Common applications include testing whether a new manufacturing process meets a quality standard, whether a clinical intervention changes a health outcome, whether one website variant has a different conversion rate than another, and whether two educational programs produce different student performance outcomes.
Practical Examples
See how the Z-Test Calculator is used in different scenarios.
| Input | Z / p-Value | Decision |
|---|---|---|
| One-sample: x̄=105, μ=100, σ=15, n=30, α=0.05, two-tailed | Z≈1.826, p≈0.068 | IQ scores — fail to reject H₀; new teaching method not significantly different. |
| Two-sample: x̄₁=15, σ₁=3, n₁=35; x̄₂=16, σ₂=3.2, n₂=40; α=0.05, left-tailed | Z≈−1.396, p≈0.081 | Drug recovery — fail to reject H₀; drug not significantly faster. |
| Two-sample: x̄₁=85, σ₁=10, n₁=100; x̄₂=82, σ₂=9, n₂=90; α=0.01, two-tailed | Z≈2.176, p≈0.030 | School scores — reject H₀ at α=0.05 but not at α=0.01. |
How to use the Z-test calculator
- Select One-Sample to compare a sample mean against a known population mean, or Two-Sample to compare two independent group means.
- For one-sample: enter the sample mean, population mean, population standard deviation, and sample size.
- For two-sample: enter the mean, standard deviation, and size for both samples. Leave the Population Mean field empty.
- Choose the significance level α and the tail type based on your hypothesis, then click Calculate.
- Review the Z-statistic, p-value, and critical Z to determine whether to reject the null hypothesis.
FAQ
When should I use a Z-test instead of a t-test?
Use a Z-test when the population standard deviation is known and the sample size is large (n ≥ 30). Use a t-test when the population standard deviation is unknown and must be estimated from the sample, or when the sample is small. In practice, the Z-test is most common in quality control and standardized testing where historical population data is available.
What is the p-value and how do I interpret it?
The p-value is the probability of observing a test statistic as extreme as or more extreme than the one computed from your sample, assuming the null hypothesis is true.

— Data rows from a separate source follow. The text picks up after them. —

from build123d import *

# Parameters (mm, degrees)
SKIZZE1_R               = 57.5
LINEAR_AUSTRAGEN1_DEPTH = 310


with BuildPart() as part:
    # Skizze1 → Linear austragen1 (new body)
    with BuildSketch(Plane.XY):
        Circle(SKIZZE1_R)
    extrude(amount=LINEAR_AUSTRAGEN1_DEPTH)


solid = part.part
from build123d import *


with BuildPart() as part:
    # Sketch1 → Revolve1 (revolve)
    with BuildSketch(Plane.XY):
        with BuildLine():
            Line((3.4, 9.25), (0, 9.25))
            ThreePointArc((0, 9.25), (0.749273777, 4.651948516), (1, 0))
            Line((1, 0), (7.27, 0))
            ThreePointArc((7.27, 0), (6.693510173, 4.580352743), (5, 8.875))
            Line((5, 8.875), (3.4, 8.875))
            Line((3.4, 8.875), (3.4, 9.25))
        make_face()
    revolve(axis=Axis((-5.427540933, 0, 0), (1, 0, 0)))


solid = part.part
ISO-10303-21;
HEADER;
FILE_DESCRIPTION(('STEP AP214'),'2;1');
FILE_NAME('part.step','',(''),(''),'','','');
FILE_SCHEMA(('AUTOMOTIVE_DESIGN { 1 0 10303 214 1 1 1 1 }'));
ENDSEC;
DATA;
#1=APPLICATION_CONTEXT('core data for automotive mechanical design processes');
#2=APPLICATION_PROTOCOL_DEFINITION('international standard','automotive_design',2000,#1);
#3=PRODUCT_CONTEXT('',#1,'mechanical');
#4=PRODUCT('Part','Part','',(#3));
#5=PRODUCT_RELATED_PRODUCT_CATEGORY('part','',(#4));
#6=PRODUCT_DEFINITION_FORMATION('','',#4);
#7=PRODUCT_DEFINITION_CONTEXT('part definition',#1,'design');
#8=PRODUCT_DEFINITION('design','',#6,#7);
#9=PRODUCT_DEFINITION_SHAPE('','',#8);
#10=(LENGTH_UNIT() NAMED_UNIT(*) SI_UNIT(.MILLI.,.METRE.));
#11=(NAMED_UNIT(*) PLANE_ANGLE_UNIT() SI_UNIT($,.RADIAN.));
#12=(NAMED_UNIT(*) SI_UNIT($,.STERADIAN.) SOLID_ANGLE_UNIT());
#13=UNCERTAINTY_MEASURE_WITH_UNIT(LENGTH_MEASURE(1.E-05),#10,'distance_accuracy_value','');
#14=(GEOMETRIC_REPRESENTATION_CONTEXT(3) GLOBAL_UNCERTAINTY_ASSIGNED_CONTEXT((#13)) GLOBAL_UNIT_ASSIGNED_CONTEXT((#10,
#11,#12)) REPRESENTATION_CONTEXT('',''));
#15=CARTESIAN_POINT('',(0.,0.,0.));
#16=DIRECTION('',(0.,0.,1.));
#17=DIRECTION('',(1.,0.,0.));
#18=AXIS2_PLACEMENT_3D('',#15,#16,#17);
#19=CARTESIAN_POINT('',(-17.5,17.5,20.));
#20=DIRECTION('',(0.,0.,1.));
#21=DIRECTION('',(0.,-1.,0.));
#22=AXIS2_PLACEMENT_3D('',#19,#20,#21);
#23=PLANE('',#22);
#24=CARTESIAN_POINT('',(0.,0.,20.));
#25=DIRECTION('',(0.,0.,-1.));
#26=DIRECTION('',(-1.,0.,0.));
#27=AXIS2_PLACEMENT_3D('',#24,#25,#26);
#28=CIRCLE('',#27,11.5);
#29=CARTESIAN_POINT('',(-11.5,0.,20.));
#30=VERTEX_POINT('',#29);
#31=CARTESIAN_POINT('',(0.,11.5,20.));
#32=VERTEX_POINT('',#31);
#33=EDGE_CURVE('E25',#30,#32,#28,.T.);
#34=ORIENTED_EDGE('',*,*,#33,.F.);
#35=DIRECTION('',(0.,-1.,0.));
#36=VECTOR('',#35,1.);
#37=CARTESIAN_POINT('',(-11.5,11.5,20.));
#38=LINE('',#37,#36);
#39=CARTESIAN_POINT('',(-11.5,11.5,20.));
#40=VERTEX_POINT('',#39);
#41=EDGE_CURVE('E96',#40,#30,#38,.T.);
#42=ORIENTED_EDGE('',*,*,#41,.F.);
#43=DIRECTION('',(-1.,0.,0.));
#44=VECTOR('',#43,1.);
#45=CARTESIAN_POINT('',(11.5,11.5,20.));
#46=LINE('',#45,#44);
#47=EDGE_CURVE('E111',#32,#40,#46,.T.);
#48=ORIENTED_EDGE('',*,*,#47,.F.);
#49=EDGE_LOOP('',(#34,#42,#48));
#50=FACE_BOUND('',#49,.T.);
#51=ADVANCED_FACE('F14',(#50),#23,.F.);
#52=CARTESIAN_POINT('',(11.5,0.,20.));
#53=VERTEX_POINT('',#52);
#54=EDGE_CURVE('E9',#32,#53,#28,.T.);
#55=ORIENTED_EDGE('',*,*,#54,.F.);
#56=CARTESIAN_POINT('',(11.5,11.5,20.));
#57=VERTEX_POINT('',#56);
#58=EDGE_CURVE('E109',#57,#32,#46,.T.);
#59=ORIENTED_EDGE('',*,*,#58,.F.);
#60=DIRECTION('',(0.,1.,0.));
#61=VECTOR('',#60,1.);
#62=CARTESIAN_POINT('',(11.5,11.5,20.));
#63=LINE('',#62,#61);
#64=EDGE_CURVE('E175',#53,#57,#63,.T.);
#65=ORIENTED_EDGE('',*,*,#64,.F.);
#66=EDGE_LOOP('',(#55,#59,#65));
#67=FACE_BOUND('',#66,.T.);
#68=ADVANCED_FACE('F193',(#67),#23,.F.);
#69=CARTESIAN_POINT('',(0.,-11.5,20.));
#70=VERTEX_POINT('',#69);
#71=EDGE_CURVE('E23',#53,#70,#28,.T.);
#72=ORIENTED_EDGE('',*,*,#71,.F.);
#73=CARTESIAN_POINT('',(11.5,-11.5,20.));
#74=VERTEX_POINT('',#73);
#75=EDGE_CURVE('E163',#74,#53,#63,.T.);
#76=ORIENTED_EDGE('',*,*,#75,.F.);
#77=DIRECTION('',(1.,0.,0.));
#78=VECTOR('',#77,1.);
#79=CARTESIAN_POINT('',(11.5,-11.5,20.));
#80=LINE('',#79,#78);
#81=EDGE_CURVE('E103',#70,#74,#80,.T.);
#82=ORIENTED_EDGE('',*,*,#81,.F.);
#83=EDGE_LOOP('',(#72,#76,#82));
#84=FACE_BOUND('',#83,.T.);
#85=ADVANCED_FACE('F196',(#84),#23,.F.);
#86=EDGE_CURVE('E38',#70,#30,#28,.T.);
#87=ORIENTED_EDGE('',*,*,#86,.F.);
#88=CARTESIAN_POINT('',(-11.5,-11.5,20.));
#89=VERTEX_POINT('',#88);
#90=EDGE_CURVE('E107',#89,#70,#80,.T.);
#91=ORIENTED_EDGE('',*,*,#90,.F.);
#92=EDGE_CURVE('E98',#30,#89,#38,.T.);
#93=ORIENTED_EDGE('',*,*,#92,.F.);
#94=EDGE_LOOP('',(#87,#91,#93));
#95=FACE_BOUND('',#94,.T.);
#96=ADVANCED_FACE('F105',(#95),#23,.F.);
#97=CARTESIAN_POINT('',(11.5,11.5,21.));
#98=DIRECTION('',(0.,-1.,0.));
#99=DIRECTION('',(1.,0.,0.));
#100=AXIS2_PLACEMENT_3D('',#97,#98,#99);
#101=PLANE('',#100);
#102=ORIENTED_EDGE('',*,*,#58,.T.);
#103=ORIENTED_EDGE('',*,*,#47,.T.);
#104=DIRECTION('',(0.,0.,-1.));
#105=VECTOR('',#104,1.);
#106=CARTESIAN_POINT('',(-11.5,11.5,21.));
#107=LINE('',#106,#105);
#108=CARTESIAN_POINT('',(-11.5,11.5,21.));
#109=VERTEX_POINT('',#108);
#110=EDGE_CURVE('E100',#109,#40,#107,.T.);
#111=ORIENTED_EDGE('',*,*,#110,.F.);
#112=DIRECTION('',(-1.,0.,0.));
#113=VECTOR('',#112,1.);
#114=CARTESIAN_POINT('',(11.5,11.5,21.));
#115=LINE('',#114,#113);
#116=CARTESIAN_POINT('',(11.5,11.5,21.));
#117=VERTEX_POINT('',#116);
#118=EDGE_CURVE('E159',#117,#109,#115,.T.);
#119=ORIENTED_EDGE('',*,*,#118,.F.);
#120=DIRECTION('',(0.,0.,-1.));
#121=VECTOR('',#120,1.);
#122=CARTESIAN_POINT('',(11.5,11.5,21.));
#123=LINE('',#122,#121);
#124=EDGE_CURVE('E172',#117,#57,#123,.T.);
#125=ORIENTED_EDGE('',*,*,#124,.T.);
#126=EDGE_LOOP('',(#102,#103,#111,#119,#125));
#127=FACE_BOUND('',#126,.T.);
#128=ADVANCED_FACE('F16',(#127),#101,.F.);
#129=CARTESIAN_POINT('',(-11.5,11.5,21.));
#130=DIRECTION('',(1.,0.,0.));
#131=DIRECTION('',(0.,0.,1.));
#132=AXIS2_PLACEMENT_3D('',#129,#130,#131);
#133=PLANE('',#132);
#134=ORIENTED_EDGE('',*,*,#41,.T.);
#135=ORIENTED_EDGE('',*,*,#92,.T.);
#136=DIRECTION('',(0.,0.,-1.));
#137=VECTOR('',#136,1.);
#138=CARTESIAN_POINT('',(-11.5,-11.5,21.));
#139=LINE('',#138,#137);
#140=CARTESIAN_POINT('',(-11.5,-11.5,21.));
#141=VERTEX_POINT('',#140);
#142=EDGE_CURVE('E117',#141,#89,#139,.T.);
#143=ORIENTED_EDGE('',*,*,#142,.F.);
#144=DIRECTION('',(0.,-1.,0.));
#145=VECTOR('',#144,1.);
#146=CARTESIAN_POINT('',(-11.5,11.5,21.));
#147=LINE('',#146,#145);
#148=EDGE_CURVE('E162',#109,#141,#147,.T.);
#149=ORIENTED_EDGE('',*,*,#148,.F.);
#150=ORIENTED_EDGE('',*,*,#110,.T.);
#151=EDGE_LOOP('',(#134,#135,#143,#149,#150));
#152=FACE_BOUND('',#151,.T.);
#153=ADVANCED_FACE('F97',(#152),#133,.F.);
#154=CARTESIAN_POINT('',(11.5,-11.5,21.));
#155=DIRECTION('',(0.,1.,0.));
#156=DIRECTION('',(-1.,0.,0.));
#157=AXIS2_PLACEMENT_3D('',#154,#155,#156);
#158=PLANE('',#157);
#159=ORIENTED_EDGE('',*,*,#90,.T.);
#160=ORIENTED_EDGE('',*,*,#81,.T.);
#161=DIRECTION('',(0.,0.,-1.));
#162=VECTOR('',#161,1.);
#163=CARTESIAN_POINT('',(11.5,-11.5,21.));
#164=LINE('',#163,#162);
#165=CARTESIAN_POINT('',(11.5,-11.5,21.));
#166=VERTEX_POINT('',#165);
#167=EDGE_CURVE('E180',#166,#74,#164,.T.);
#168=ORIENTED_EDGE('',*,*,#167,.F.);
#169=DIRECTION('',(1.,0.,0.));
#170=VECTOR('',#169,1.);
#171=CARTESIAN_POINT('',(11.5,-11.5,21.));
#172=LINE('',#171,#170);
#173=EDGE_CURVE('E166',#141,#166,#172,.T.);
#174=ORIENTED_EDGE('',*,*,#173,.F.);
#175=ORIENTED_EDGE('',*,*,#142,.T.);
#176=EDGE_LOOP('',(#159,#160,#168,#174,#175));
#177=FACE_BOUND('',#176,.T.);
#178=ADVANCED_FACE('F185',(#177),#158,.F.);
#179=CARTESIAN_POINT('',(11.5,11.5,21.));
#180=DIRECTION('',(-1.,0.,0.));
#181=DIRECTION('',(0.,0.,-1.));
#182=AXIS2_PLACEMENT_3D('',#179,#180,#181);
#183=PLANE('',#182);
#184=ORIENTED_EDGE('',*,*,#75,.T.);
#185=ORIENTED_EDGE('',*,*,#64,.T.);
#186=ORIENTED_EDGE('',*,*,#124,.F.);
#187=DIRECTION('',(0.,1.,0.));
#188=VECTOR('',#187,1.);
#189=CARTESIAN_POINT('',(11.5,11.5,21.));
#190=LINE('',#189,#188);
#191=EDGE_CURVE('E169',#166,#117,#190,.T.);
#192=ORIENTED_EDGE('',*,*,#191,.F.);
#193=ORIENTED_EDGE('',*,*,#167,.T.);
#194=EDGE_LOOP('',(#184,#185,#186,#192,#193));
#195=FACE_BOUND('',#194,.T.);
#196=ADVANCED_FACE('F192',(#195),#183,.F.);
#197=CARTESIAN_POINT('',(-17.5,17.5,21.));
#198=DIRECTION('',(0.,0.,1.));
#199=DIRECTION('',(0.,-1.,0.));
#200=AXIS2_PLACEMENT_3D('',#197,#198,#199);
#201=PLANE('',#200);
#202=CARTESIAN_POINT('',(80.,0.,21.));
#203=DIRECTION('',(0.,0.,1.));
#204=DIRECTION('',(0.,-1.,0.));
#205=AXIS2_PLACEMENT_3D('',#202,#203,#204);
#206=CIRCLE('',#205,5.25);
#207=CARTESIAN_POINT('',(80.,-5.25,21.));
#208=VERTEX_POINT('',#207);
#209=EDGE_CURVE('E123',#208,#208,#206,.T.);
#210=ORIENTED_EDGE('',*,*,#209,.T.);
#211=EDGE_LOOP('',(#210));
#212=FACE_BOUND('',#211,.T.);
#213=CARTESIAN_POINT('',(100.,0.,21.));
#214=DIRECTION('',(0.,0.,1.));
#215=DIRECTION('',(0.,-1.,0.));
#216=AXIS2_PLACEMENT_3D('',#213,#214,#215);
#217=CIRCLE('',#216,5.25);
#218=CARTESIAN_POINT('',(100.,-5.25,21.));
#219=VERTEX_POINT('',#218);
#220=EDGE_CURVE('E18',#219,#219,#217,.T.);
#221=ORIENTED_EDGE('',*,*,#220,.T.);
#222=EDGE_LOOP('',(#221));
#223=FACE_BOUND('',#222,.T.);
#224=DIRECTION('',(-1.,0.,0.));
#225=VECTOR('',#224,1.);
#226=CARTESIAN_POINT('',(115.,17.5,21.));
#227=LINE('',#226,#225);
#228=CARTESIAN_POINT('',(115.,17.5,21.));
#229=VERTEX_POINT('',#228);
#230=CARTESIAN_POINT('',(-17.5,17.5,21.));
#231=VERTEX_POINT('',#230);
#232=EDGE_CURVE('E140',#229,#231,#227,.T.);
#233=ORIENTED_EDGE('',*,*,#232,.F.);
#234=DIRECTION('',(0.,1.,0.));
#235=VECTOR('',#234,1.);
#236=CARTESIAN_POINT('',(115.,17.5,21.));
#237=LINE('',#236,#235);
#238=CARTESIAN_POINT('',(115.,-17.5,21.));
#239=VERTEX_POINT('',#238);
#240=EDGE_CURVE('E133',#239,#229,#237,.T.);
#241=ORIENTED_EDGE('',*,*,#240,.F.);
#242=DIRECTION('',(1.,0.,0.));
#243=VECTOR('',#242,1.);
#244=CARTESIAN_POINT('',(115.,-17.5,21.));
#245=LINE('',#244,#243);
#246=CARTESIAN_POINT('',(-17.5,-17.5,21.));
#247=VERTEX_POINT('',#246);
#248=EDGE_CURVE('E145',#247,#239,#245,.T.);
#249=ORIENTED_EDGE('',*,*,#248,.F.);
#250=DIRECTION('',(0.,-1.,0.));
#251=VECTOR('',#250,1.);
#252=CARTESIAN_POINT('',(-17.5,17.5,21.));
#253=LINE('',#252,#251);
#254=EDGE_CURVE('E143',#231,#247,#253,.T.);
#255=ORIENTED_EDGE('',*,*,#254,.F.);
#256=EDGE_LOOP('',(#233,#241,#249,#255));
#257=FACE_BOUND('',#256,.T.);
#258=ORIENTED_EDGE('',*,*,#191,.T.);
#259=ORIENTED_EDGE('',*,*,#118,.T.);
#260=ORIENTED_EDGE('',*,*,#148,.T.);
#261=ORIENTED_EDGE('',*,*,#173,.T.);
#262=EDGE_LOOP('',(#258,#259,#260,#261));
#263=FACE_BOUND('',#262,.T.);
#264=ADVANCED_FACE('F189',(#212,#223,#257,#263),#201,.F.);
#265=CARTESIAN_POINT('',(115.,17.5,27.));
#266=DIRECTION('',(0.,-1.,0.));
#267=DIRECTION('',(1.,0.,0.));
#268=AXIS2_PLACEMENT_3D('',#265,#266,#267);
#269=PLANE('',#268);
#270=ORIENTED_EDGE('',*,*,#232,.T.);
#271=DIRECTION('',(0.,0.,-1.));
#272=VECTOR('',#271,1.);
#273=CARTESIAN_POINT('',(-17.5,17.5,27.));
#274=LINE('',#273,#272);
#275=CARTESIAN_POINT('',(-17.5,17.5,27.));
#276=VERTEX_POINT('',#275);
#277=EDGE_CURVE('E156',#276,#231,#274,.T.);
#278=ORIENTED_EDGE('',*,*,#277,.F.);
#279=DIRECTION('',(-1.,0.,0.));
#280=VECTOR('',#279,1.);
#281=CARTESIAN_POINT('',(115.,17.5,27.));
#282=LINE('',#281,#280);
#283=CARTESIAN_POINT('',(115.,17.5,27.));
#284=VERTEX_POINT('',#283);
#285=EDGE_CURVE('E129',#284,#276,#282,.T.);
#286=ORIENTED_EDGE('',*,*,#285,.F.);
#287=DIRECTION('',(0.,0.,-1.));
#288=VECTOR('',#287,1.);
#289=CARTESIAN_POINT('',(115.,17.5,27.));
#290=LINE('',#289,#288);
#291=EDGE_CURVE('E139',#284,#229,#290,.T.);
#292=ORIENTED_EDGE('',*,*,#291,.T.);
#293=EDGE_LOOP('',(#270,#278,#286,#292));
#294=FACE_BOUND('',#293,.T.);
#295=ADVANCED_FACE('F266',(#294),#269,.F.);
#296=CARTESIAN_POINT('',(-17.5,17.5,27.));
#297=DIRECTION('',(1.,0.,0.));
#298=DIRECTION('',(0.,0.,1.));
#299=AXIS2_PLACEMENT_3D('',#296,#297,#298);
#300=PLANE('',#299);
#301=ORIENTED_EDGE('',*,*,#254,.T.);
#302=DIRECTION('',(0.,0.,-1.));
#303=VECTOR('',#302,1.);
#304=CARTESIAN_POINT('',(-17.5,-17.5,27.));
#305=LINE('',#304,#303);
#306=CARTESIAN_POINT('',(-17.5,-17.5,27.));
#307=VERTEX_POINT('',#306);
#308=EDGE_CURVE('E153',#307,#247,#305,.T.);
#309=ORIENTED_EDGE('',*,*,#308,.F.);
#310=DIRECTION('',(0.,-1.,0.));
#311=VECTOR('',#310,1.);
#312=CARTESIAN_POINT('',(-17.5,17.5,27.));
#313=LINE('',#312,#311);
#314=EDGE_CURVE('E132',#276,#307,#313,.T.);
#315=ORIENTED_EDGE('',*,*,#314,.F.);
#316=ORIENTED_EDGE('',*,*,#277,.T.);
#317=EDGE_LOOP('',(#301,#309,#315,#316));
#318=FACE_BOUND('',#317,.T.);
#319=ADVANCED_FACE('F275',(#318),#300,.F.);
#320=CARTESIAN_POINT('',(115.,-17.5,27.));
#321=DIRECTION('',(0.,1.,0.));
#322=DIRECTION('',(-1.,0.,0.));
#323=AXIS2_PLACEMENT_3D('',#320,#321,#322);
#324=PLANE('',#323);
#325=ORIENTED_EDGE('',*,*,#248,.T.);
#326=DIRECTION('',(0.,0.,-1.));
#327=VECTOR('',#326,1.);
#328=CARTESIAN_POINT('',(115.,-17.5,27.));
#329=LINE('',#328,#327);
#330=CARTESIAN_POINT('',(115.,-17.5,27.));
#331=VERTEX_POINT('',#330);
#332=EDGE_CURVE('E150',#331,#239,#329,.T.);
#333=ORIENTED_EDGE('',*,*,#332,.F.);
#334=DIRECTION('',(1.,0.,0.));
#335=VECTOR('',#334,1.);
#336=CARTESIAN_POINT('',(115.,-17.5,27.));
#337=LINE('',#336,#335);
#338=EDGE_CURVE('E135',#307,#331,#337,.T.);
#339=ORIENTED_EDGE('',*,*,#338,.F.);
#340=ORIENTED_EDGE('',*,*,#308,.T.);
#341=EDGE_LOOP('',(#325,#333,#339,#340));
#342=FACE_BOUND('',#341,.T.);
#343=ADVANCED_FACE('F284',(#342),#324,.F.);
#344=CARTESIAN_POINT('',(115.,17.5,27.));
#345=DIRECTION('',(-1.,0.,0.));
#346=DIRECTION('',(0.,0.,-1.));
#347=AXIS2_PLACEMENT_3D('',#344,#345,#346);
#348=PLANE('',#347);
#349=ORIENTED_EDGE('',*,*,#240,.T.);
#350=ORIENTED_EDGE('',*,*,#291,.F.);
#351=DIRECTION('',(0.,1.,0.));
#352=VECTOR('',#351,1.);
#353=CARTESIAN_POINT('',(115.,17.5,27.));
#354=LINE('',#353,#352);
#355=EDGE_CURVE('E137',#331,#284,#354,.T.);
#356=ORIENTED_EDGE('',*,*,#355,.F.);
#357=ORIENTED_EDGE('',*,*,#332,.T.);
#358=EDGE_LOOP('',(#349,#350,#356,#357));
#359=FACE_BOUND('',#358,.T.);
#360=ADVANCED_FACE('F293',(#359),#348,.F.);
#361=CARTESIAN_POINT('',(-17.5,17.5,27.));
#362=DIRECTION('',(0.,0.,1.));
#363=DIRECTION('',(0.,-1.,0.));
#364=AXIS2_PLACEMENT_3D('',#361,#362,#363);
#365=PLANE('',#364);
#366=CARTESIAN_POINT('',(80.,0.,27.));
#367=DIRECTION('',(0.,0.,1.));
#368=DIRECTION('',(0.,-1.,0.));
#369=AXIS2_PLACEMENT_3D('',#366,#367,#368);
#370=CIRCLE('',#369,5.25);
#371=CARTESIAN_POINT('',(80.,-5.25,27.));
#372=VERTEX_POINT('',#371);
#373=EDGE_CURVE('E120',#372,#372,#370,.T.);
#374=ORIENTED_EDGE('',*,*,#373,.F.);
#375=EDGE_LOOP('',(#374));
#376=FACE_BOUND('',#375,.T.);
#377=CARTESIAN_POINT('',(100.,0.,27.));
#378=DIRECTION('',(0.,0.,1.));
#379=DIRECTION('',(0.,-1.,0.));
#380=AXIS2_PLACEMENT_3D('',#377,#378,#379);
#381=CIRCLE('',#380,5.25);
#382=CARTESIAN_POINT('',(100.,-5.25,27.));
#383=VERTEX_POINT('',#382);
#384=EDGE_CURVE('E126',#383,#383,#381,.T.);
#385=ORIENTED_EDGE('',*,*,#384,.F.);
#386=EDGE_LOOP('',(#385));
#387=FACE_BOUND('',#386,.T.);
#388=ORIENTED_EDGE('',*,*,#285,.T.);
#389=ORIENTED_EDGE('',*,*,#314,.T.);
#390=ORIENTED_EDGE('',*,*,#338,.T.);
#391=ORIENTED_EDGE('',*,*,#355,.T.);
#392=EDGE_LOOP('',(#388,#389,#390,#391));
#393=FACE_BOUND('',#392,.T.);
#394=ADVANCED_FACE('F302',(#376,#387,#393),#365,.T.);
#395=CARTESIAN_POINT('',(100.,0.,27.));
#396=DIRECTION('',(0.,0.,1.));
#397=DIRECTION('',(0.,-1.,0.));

A small p-value (typically below 0.05) means the observed data would be unlikely under the null hypothesis, providing evidence to reject it. A large p-value means the data are consistent with the null hypothesis.
What is the difference between a one-tailed and two-tailed Z-test?
A two-tailed test checks for any difference between means (above or below). A one-tailed test checks for a difference in a specific direction. Use a right-tailed test when you expect the sample mean to be higher than the reference; use a left-tailed test when you expect it to be lower. The tail type must be decided based on your hypothesis before collecting data.
What does the critical Z-value mean?
The critical Z-value is the threshold the test statistic must exceed (in absolute value for two-tailed tests) to reject the null hypothesis. For example, for a two-tailed test at α = 0.05, the critical Z is approximately ±1.96. If the absolute value of the computed Z exceeds 1.96, you reject H₀.
Does the Z-test require normally distributed data?
Not necessarily. By the Central Limit Theorem, the sampling distribution of the sample mean is approximately normal for large samples (n ≥ 30) regardless of the population distribution. For small samples, normality of the population is required for the Z-test to be valid. When in doubt, verify normality with a normality test or use the t-test.
What is the two-sample Z-test used for?
The two-sample Z-test compares the means of two independent groups when the population standard deviations of both are known. Common uses include comparing the average test scores of students from two schools, the average recovery times of patients in two treatment arms, or the conversion rates of two website variants in an A/B test.